# WHAT YOU ARE ASKED TO DO
Please restate the entries verbatim. The copy should hold no pictures.

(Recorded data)
• • • •

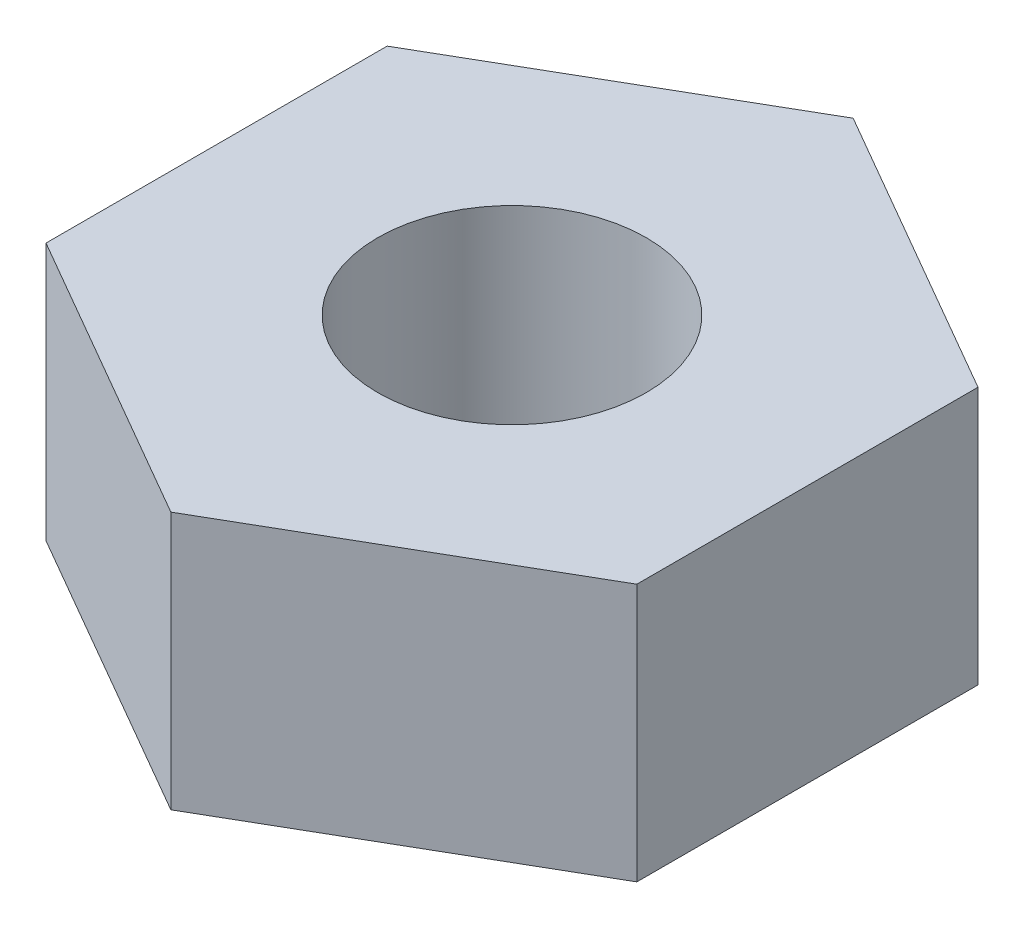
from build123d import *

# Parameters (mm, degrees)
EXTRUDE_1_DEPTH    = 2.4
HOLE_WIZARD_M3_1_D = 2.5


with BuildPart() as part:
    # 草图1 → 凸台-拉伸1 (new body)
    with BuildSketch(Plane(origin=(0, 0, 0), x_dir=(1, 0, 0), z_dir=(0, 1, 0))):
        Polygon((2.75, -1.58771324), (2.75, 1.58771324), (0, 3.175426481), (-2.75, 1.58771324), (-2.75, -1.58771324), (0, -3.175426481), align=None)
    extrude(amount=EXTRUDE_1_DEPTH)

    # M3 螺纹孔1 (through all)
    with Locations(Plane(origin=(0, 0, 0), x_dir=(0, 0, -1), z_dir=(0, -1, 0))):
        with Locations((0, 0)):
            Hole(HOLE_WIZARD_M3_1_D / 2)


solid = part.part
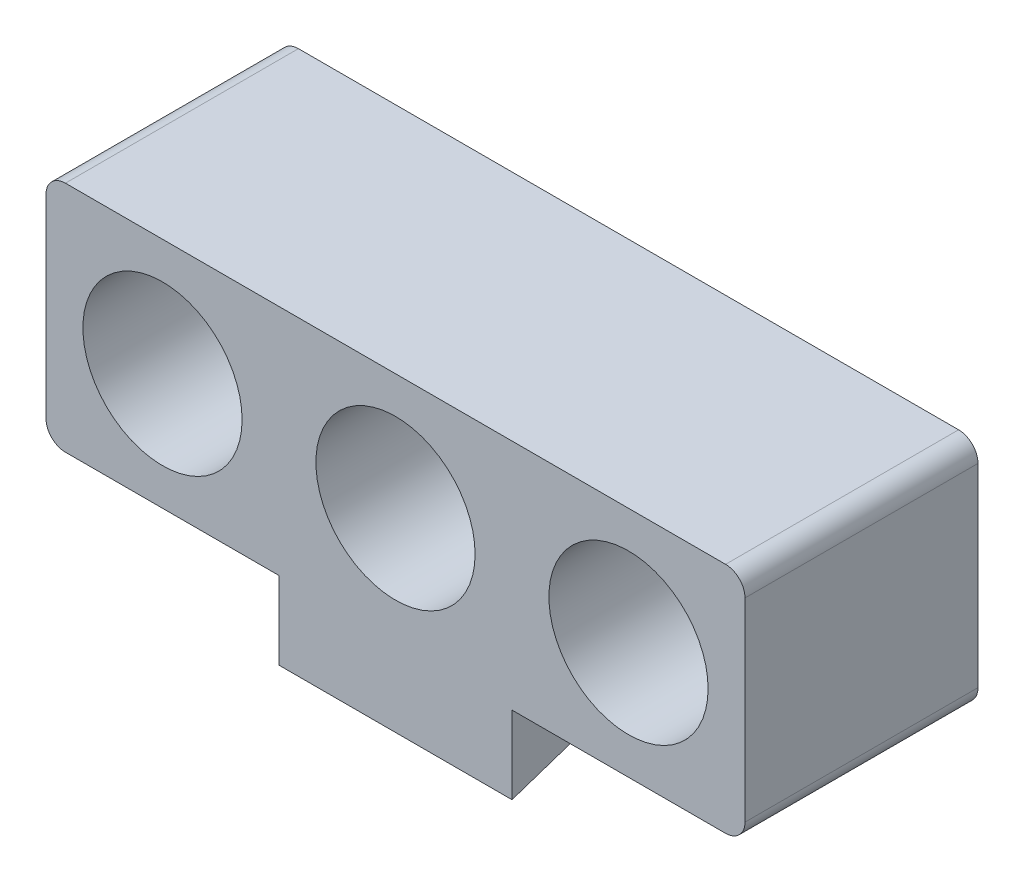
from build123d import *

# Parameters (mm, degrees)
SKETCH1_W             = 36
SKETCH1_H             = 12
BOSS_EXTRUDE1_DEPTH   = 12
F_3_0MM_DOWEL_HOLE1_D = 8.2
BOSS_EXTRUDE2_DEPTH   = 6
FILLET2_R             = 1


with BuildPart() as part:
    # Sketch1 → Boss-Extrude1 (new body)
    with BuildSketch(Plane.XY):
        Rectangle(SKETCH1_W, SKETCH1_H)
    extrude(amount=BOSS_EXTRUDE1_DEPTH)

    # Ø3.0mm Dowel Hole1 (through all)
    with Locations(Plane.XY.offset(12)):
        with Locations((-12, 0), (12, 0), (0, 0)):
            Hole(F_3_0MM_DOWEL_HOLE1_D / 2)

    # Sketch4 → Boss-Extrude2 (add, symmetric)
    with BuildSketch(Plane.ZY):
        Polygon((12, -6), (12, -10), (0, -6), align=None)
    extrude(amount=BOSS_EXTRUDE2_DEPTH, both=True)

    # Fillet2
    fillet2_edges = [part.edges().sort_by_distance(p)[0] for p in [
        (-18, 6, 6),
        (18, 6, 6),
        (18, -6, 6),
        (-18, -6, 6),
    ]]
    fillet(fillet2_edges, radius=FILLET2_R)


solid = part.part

• • • •

# WRITTEN SOLUTION
from build123d import *

# Parameters (mm, degrees)
EXTRUDE_1_DEPTH    = 2.4
HOLE_WIZARD_M3_1_D = 2.5


with BuildPart() as part:
    # 草图1 → 凸台-拉伸1 (new body)
    with BuildSketch(Plane(origin=(0, 0, 0), x_dir=(1, 0, 0), z_dir=(0, 1, 0))):
        Polygon((2.75, -1.58771324), (2.75, 1.58771324), (0, 3.175426481), (-2.75, 1.58771324), (-2.75, -1.58771324), (0, -3.175426481), align=None)
    extrude(amount=EXTRUDE_1_DEPTH)

    # M3 螺纹孔1 (through all)
    with Locations(Plane(origin=(0, 0, 0), x_dir=(0, 0, -1), z_dir=(0, -1, 0))):
        with Locations((0, 0)):
            Hole(HOLE_WIZARD_M3_1_D / 2)


solid = part.part
from build123d import *

# Parameters (mm, degrees)
SKETCH1_W             = 36
SKETCH1_H             = 12
BOSS_EXTRUDE1_DEPTH   = 12
F_3_0MM_DOWEL_HOLE1_D = 8.2
BOSS_EXTRUDE2_DEPTH   = 6
FILLET2_R             = 1


with BuildPart() as part:
    # Sketch1 → Boss-Extrude1 (new body)
    with BuildSketch(Plane.XY):
        Rectangle(SKETCH1_W, SKETCH1_H)
    extrude(amount=BOSS_EXTRUDE1_DEPTH)

    # Ø3.0mm Dowel Hole1 (through all)
    with Locations(Plane.XY.offset(12)):
        with Locations((-12, 0), (12, 0), (0, 0)):
            Hole(F_3_0MM_DOWEL_HOLE1_D / 2)

    # Sketch4 → Boss-Extrude2 (add, symmetric)
    with BuildSketch(Plane.ZY):
        Polygon((12, -6), (12, -10), (0, -6), align=None)
    extrude(amount=BOSS_EXTRUDE2_DEPTH, both=True)

    # Fillet2
    fillet2_edges = [part.edges().sort_by_distance(p)[0] for p in [
        (-18, 6, 6),
        (18, 6, 6),
        (18, -6, 6),
        (-18, -6, 6),
    ]]
    fillet(fillet2_edges, radius=FILLET2_R)


solid = part.part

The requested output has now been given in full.